Collage materials, if already pruned a bit, also don't take up a lot of room. You can put an unfiltered selection of pages in a folder and have hours upon hours of collage making supply. It's also fun to mix these with found materials.

I was able to fit a ukulele, but I really only use it for teaching. Of course, I have the option to jam around on it, which is nice. Daniel plays guitar a bit and invested in a carbon fiber guitar made for travelers. The neck actually unscrews and he stuffs the body with socks and underwear. Electronics (including Teaching) In the online teaching world, it really is beneficial to have an extra back-up machine. I personally have a large Windows ThinkPad and a small Linux Thinkpad. Daniel has two Macs of different sizes and an extra tablet. We of course needed to bring headsets with an extra between us and corded mouses. We generally need everything to be corded, so we also bring 50 or 100 foot long Ethernet cords to run from where ever the router is. We bring an extra phone and various adapters. I have a few hard drives, and a battery operated recorder. We bring rechargeable batteries, both the kind that can charge devices and AA, AAA. That's about it.

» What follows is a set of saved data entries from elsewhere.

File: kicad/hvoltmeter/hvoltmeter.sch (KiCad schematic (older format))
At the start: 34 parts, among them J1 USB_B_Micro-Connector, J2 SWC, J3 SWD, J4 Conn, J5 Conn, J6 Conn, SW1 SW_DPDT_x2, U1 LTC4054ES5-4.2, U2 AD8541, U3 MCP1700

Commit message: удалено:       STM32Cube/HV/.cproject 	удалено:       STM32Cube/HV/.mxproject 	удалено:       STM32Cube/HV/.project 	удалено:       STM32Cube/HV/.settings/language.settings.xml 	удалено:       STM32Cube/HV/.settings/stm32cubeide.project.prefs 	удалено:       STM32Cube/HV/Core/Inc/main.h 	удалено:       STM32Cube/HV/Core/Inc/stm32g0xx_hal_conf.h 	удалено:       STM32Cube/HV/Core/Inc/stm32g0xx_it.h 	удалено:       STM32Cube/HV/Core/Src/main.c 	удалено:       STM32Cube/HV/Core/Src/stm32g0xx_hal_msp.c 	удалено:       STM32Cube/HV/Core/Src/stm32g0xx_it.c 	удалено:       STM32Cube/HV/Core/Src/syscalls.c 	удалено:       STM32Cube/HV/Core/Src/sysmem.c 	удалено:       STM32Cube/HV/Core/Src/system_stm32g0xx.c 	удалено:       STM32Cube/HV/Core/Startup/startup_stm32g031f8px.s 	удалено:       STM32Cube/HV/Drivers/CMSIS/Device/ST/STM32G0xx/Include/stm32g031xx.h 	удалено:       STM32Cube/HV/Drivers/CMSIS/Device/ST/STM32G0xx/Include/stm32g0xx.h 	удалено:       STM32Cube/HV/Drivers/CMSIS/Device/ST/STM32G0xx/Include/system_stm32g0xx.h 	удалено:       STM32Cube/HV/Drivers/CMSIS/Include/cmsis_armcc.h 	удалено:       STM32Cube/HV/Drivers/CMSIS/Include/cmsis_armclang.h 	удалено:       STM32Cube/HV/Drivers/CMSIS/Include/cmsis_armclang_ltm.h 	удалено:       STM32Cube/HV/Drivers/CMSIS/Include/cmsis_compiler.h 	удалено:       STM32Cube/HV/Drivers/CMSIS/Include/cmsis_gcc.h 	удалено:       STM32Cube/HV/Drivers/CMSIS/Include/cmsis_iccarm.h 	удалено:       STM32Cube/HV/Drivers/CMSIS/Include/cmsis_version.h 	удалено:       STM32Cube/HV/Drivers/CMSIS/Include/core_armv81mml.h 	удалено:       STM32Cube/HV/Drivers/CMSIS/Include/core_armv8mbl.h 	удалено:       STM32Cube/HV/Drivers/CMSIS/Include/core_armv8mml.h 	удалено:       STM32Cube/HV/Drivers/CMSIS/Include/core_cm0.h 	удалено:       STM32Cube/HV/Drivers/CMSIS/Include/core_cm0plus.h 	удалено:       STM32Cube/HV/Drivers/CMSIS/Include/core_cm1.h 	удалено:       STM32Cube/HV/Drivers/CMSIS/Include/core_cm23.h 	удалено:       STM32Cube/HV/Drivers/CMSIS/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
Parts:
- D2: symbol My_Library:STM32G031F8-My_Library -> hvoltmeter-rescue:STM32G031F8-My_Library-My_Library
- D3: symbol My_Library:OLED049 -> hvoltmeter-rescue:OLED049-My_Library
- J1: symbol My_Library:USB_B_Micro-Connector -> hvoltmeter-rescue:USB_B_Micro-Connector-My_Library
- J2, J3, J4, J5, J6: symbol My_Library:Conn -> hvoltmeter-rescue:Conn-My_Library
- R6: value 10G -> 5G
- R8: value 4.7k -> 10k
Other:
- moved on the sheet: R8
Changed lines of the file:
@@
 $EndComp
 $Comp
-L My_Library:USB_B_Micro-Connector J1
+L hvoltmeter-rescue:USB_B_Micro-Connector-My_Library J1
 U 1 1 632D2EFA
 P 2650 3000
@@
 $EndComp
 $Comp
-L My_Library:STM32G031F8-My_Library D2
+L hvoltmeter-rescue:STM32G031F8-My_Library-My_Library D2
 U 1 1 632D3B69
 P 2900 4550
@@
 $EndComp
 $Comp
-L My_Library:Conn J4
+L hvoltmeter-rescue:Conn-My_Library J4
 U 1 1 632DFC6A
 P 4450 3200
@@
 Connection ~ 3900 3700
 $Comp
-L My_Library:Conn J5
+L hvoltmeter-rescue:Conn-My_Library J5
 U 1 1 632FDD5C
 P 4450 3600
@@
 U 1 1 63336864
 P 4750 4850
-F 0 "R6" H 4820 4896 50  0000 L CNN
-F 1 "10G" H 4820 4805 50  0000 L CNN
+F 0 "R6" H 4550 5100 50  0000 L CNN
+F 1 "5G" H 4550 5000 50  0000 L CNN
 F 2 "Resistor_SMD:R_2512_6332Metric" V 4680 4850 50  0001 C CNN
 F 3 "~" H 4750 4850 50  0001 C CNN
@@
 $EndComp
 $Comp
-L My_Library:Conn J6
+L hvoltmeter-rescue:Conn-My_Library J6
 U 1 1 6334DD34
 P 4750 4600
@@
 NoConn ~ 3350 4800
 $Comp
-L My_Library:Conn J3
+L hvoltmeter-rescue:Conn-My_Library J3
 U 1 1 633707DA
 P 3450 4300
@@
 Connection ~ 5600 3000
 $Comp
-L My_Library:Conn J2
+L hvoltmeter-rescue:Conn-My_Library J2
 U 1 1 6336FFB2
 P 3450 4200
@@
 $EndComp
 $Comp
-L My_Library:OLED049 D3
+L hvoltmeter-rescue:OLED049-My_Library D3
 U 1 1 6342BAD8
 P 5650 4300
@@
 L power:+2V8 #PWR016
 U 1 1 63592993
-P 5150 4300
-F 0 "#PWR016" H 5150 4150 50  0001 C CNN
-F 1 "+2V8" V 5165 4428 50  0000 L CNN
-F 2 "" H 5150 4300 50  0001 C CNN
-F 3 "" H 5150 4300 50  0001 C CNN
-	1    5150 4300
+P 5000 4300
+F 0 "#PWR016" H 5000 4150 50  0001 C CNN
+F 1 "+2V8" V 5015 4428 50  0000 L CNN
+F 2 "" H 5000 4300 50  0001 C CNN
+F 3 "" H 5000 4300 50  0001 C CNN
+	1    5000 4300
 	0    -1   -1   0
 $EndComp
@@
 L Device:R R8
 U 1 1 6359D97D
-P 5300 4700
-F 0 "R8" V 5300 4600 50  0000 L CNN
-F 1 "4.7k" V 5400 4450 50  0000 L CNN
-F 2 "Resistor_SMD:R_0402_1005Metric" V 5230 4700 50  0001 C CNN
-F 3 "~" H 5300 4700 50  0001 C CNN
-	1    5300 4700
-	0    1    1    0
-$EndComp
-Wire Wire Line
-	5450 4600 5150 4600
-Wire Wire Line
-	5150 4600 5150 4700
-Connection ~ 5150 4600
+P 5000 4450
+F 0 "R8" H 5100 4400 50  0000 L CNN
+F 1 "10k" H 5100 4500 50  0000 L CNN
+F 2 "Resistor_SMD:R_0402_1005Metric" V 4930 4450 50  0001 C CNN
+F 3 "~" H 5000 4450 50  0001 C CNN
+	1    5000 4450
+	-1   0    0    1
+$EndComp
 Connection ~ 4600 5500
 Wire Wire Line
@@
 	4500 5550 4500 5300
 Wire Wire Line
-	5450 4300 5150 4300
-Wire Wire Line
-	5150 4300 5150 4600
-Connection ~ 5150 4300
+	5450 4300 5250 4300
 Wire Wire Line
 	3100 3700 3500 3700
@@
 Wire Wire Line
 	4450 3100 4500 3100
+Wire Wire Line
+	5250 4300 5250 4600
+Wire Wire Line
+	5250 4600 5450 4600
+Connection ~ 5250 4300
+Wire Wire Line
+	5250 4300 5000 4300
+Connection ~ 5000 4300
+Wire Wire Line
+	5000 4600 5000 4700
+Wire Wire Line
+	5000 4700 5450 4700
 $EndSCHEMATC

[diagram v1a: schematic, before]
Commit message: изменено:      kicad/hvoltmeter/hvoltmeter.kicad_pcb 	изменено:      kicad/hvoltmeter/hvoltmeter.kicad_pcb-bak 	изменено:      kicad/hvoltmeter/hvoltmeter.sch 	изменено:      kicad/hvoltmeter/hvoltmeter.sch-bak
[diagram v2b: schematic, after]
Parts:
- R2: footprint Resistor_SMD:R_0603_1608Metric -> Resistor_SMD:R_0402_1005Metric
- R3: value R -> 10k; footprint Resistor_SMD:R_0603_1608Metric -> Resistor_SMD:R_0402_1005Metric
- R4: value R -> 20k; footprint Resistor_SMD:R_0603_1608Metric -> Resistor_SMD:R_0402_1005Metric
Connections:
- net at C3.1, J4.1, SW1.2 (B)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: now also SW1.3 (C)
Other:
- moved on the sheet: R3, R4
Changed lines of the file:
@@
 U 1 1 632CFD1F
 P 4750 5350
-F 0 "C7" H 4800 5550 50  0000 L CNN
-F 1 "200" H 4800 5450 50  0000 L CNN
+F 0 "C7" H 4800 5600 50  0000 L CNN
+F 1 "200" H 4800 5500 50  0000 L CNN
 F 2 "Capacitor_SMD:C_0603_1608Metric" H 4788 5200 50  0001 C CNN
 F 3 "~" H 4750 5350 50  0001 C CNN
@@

For teaching and other streaming/recording based modes in income, we also got a softbox and a couple tripods. One tripod is for mounting a webcam, and the other for the softbox, which is foldable and takes up the room of a folder. Before we got the softbox I would always bring a cord kit - just a cord with a bulb socket, and a bulb carefully wrapped in socks to dangle in some way or another if lighting was bad. Usually when we stay in Airbnbs long-term we're able to move around the lamps to our liking, if any. For teaching the biggest space-expense if the props. I've slowly migrated a lot of my props to 2D versions (just pictures that I hold up). But I have about two ziploc bags worth of mini-figurines and various props that are used often. We also both brought our backdrops which are easy to lay flat or roll up in luggage. I used rings with clips so I can clip mine on to something or make a line of string from my string supply. If there is an ironing board in the Airbnb, that usually makes the best desk for my personal teaching. Daniel prefers to stack endtables on top of dressers to make a standing station. Often we also had to teach with no door between us and are able to use my hemp cord to tie up thick blankets to make sound-absorbing curtains.

Hygiene Hygiene routines have simplified immensely as a result of minimalizing my possessions. I'll have a whole post on the cosmetic side of things, as someone who used to get an Ipsy box every month and have so much cosmetic excess that I'd often give unused items to my nieces as Christmas gifts.

Before I explain our dental care, let me share my honest experience that my teeth are super strong and I never have toothaches, and they're generally pretty white as well. Now that that's out of the way, I haven't used store-bought toothpaste since 2017. We make ours with coconut oil, baking soda, peppermint oil, and charcoal. If we can't get a hold of the last two ingredients, we just use coconut oil or coconut oil and baking soda, which are generally widely available. We ordered a batch of about 30 bamboo toothbrushes and we've just been rotating through those for years.

Another thing that might seem strange at first that I no longer buy is deodorant. Daniel has some natural aloe-based deodorant he uses sometimes, but once I weened off of it and balanced my armpit microbiome I find that I just really don't need anything there.

Those are all the main categories of things that we pack with us! Our luggage tends to be about 40 lbs all in all!